秋华来了宫中几日,实在只觉无味,可有没有办法。每日里陪着容太后做早课,替她抄经文,尽量不怎么出门,生怕遇着什么不该看的事情,听到什么不该听的话。只是那住在旁边的明珠郡主却太活泼了些,不时的便会来敲她的门:“容四小姐,没人陪我玩,你来陪我去园子里边逛逛!”
明珠郡主乃是承平公主的千金,从小便是捧在手心里边长大的,所以十分的骄横。容太后只得了一子一女,因此对这外孙女儿也十分看重,不时便接她来宫里小住一段时间。因为她是皇上的亲外甥女儿,刚出生不久便得了皇上赐下的“郡主”封号,在大周这么早就被封为郡主的,陆明珠可谓是头一个了。
因着明珠郡主十分骄横,所以秋华也只能小心应付,几乎成了她贴身的丫鬟一般。明珠郡主被娇纵惯了,对着秋华总是颐指气使,从未想过她并不是公主府里的下人。
“容四小姐,咱们去捕蝴蝶儿!”这日一早,明珠郡主便跑到慈宁宫里的佛堂,身上穿了件桃红色的衣裙,十分可爱,只是她拍着门板儿的举止实在不那么让人舒服,站在外边的紫韵姑姑和紫蔓姑姑赶紧拦住了她:“郡主,你稍微等等,太后娘娘正在礼佛,你不能这般大声叫喊。”
明珠郡主却在外边不依不饶,撇着嘴儿似乎要哭了一般:“我又没有让外祖母陪我去,我只是想让容四小姐带我去抓蝴蝶儿罢了!容四小姐,容四小姐!”

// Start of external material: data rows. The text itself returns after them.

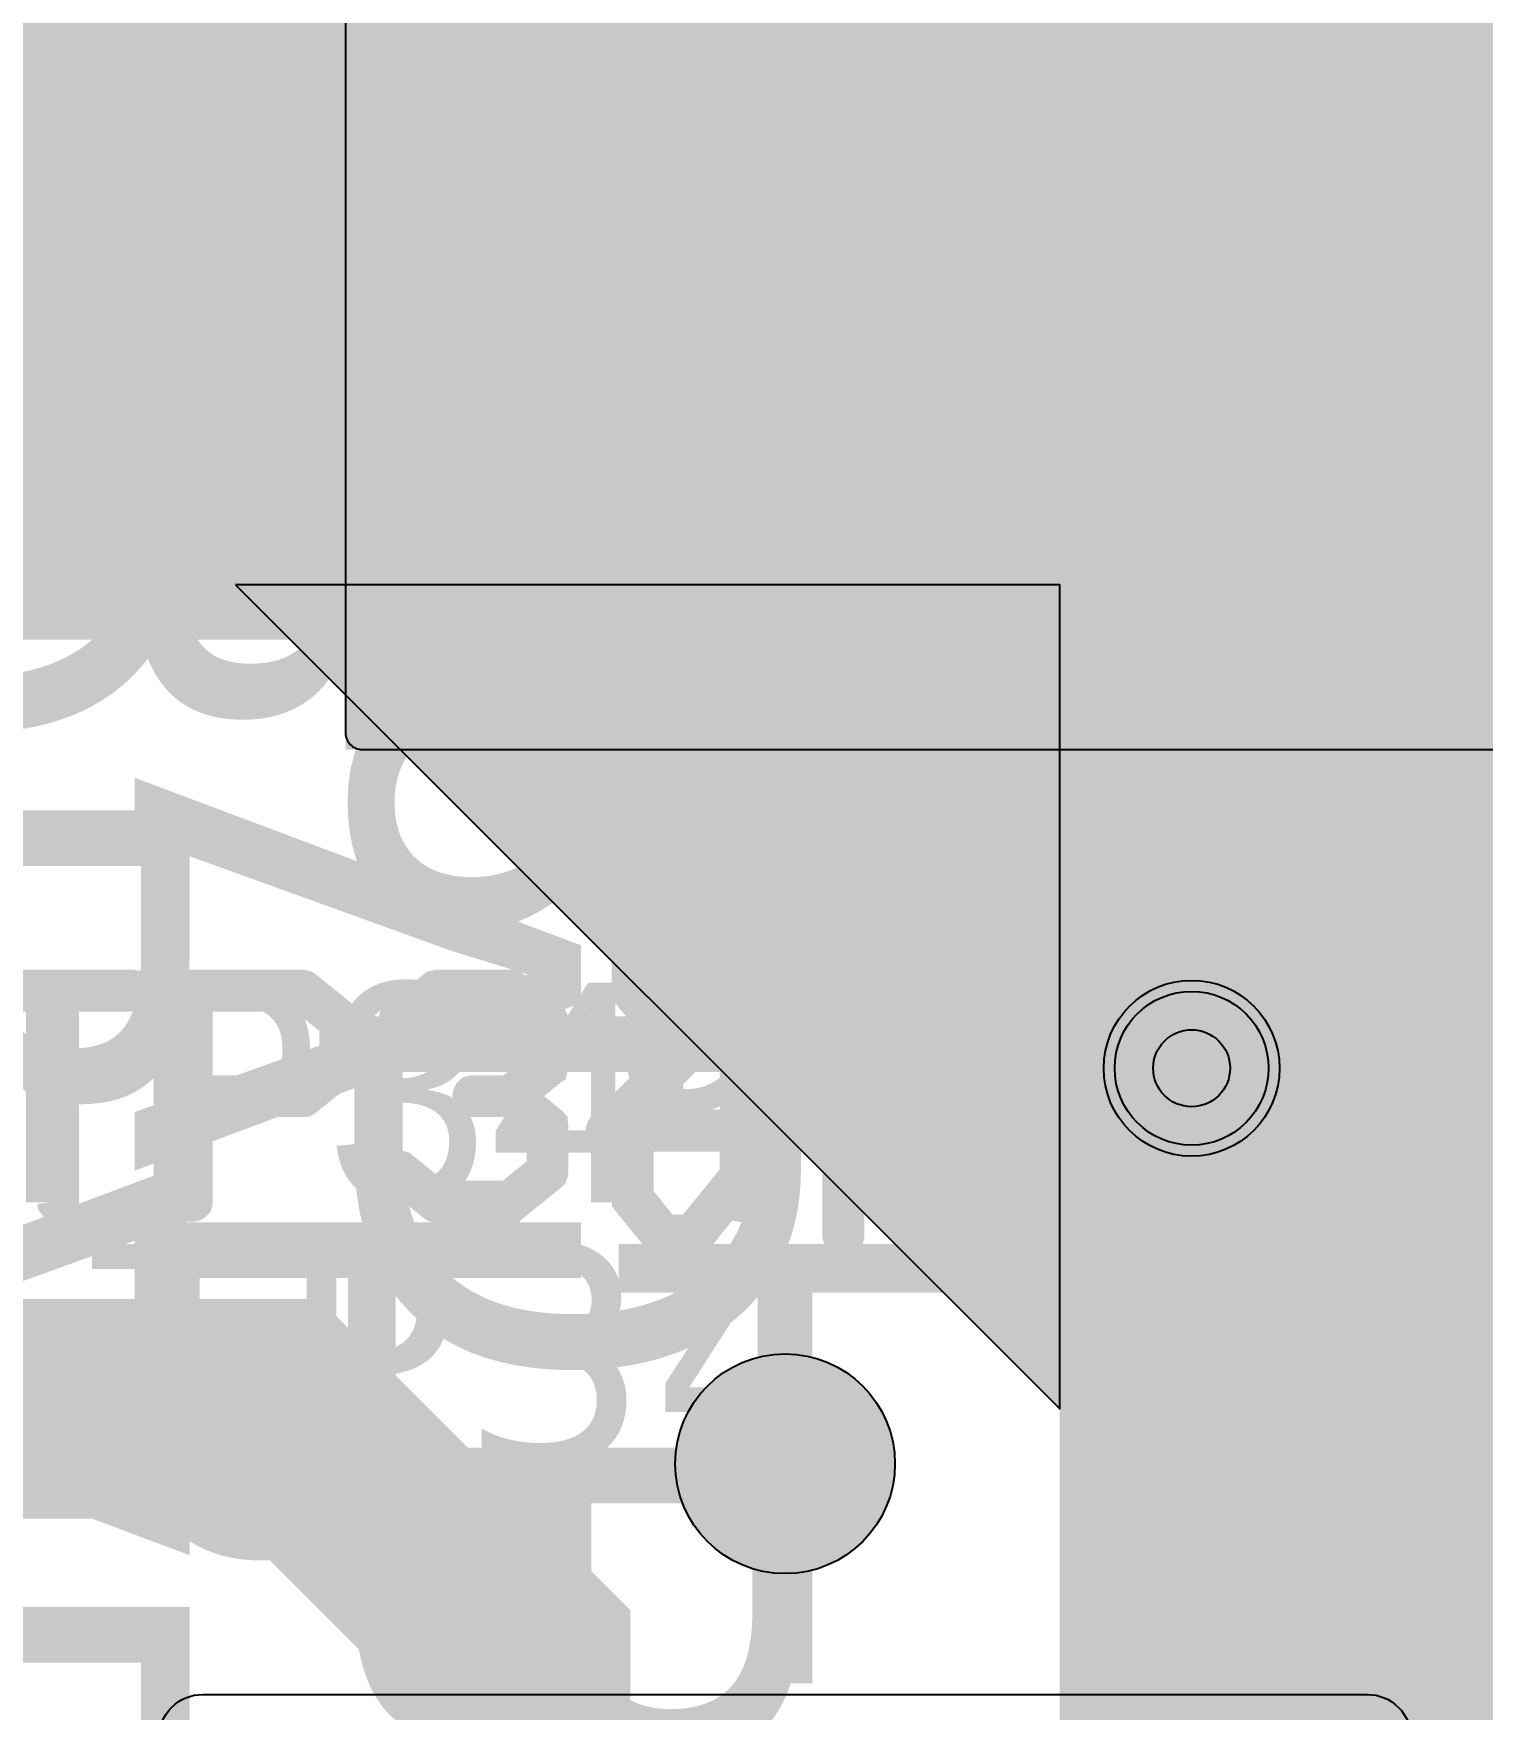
# Model space of a CAD drawing. Extents: x -28 to 199, y -61 to 255.
# Drawn here: x 101.83 to 108.42, y 123.88 to 131.51 of the extents above; entities that cross this region are included whole.
import ezdxf
from ezdxf.enums import TextEntityAlignment as Align

# ---------------------------------------------------------------- set-up
doc = ezdxf.new("R2010")
doc.units = 0
doc.header["$MEASUREMENT"] = 0
for name, color, linetype in [('ASSEMBLY_PART_NUMBERS_BTM', 191, 'CONTINUOUS'), ('ASSEMBLY_PART_NUMBERS_TOP', 102, 'CONTINUOUS'), ('ASSEMBLY_REF_DES_TOP', 102, 'CONTINUOUS'), ('DRILL_DRAWING', 21, 'CONTINUOUS'), ('GENERATED_SILKSCREEN_BTM', 255, 'CONTINUOUS'), ('GENERATED_SILKSCREEN_TOP', 140, 'CONTINUOUS'), ('MOUNTING_HOLES_LAYER_2', 42, 'CONTINUOUS'), ('MOUNTING_HOLES_LAYER_3', 42, 'CONTINUOUS'), ('MOUNTING_HOLES_LAYER_BOT21', 42, 'CONTINUOUS'), ('MOUNTING_HOLES_LAYER_TOP', 42, 'CONTINUOUS'), ('PLANE_DATA_LAYER_BOTTOM', 10, 'CONTINUOUS'), ('PLANE_DATA_LAYER_TOP', 150, 'CONTINUOUS'), ('PLANE_SHAPES_LAYER_2', 230, 'CONTINUOUS'), ('PLANE_SHAPES_LAYER_3', 81, 'CONTINUOUS'), ('PLANE_SHAPES_LAYER_BOTTOM', 10, 'CONTINUOUS'), ('PLANE_SHAPES_LAYER_TOP', 150, 'CONTINUOUS'), ('SILKSCREEN_REF_DES_BTM', 211, 'CONTINUOUS'), ('SILKSCREEN_REF_DES_TOP', 150, 'CONTINUOUS'), ('SOLDERMASK_PADS_BTM', 12, 'CONTINUOUS'), ('TRACES_LAYER_2', 230, 'CONTINUOUS'), ('TRACES_LAYER_3', 81, 'CONTINUOUS'), ('TRACES_LAYER_BOTTOM', 10, 'CONTINUOUS'), ('TRACES_LAYER_TOP', 150, 'CONTINUOUS'), ('VIA_HOLES_LAYER_2', 30, 'CONTINUOUS'), ('VIA_HOLES_LAYER_3', 30, 'CONTINUOUS'), ('VIA_HOLES_LAYER_BOTTOM', 30, 'CONTINUOUS'), ('VIA_HOLES_LAYER_TOP', 30, 'CONTINUOUS'), ('VIA_PADS_LAYER_2', 230, 'CONTINUOUS'), ('VIA_PADS_LAYER_3', 81, 'CONTINUOUS'), ('VIA_PADS_LAYER_BOTTOM', 10, 'CONTINUOUS'), ('VIA_PADS_LAYER_TOP', 150, 'CONTINUOUS')]:
    doc.layers.add(name, color=color, linetype=linetype)
doc.styles.add('VERDANA', font='verdana.TTF')
doc.styles.add('VERIBEST_GERBER_0', font='txt')

msp = doc.modelspace()

# ---------------------------------------------------------------- hatches: boundary and pattern name
at = {"layer": 'MOUNTING_HOLES_LAYER_2'}
h = msp.add_hatch(color=256, dxfattribs=at)
edge = h.paths.add_edge_path()
edge.add_arc((105.25, 125), 0.5, 0, 360)
at = {"layer": 'MOUNTING_HOLES_LAYER_3'}
h = msp.add_hatch(color=256, dxfattribs=at)
edge = h.paths.add_edge_path()
edge.add_arc((105.25, 125), 0.5, 0, 360)
at = {"layer": 'MOUNTING_HOLES_LAYER_BOT21'}
h = msp.add_hatch(color=256, dxfattribs=at)
edge = h.paths.add_edge_path()
edge.add_arc((105.25, 125), 0.5, 0, 360)
at = {"layer": 'MOUNTING_HOLES_LAYER_TOP'}
h = msp.add_hatch(color=256, dxfattribs=at)
edge = h.paths.add_edge_path()
edge.add_arc((105.25, 125), 0.5, 0, 360)
at = {"layer": 'PLANE_DATA_LAYER_BOTTOM'}
msp.add_hatch(color=256, dxfattribs=at).paths.add_polyline_path([(111.5, 131.9238, 0.4142136), (111.4238, 132), (109.50001, 132, -0.4142136), (109.5, 132.00001), (109.5, 134.74999, -0.4142136), (109.50001, 134.75), (110.00612, 134.75, 0.4142136), (110.08232, 134.8262, 0.136114), (110.07143, 134.86545, -0.1361113), (110, 135.123), (110, 135.123), (110, 135.1738, 0.4142136), (109.9238, 135.25), (102.23957, 135.25, -0.1989122), (101.88602, 135.39645), (100.30113, 136.98134, 0.668182), (100.17105, 136.92746), (100.17105, 136.92746, 0.1347247), (100.18172, 136.88856, -0.1347252), (100.7, 135), (100.7, 135, -0.2250797), (99.34156, 132.1352, 0.2250777), (99.31359, 132.0762, 0.4142136), (99.38979, 132), (103.24999, 132, -0.4142136), (103.25, 131.99999), (103.25, 128.3262, 0.4142136), (103.3262, 128.25), (110.24999, 128.25, -0.4142136), (110.25, 128.24999), (110.25, 116.7762, 0.4142136), (110.3262, 116.7), (111.4238, 116.7, 0.4142136), (111.5, 116.7762)], flags=0)
at = {"layer": 'PLANE_DATA_LAYER_TOP'}
h = msp.add_hatch(color=256, dxfattribs=at)
h.paths.add_polyline_path([(116, 117.85178, -0.19891), (115.97768, 117.7979), (111.96313, 113.78335, 0.1989122), (111.85271, 113.51677), (111.85271, 109.21054, -0.19891), (111.83039, 109.15666), (111.51927, 108.84553, 0.0521306), (111.4699, 108.78463, -0.2536742), (111.40604, 108.75), (111.05209, 108.75, -0.7613577), (111.013, 108.89161, 0.2639142), (111.5, 109.75), (111.5, 109.75, 1), (109.5, 109.75), (109.5, 109.75, 0.2639142), (109.987, 108.89161, -0.7613603), (109.94791, 108.75), (109.78776, 108.75, -0.1239229), (109.75168, 108.75908, 0.1020236), (108.31962, 109.18617, -0.3891034), (108.25, 109.26208), (108.25, 114.49999, 0.4142136), (108.24999, 114.5), (106.5762, 114.5, -0.4142136), (106.5, 114.5762), (106.5, 125.25), (106.5, 125.25), (102.75, 129, 0.2076843), (102.75, 129), (92.5762, 129, -0.4142136), (92.5, 129.0762), (92.5, 136.05608, -0.19891), (92.52232, 136.10996), (96.69003, 140.27768, -0.1989134), (96.74392, 140.3), (101.68101, 140.3, 0.1989122), (101.94759, 140.41042), (104.2034, 142.66623, -0.668182), (104.33348, 142.61235), (104.33348, 139.19611, 0.1757343), (104.43228, 138.92368, -0.1757343), (104.45, 138.87483), (104.45, 138.72517, -0.1757343), (104.43228, 138.67632, 0.1757343), (104.33348, 138.40389), (104.33348, 136.62554, 0.1989122), (104.45796, 136.32502), (107.04062, 133.74236, -0.19891), (107.06294, 133.68848), (107.06294, 128.07054, -0.19891), (107.04062, 128.01666), (106.79948, 127.77552, 0.1989122), (106.675, 127.475), (106.675, 127.25392, -0.1860861), (106.65528, 127.20277, 1.6058333), (107.69054, 126.90611, -0.0444727), (107.68934, 126.91959), (107.68934, 126.91959, -0.668182), (107.81942, 126.97347), (108.69621, 126.09669, -0.1385729), (108.71644, 126.06052, 0.889074), (109.9, 126.2), (109.9, 126.2, 0.3470511), (109.43948, 126.78356, -0.1385729), (109.40331, 126.80379), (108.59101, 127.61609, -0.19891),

坐在蒲团上的容太后本来正在捻着佛珠儿念经,听着外边明珠郡主叫喊的声音,叹了一口气:“秋华,你跟着明珠去罢,今日便不比陪我了。”
秋华站起身来悄悄的退出了佛堂,走到门外边,见到明珠郡主已经被阮妈妈抱得紧紧,小手小脚都没办法伸出来拍打,憋红着脸,一副委屈模样。见秋华出来,阮妈妈这才将明珠郡主放在地上,双脚刚落地,明珠郡主便揪着阮妈妈拳打脚踢:“你这个胆大的奴婢,竟然敢阻拦本郡主!”
秋华见明珠郡主实在能闹腾,站在旁边道:“郡主,你到底还去不去捉蝴蝶儿?”
听秋华说起蝴蝶,明珠这才停下拳脚,拉起秋华的手道:“去,容四小姐快些带我去,我要抓一袋子蝴蝶来,将它们的翅膀都撕下来做贴画儿!”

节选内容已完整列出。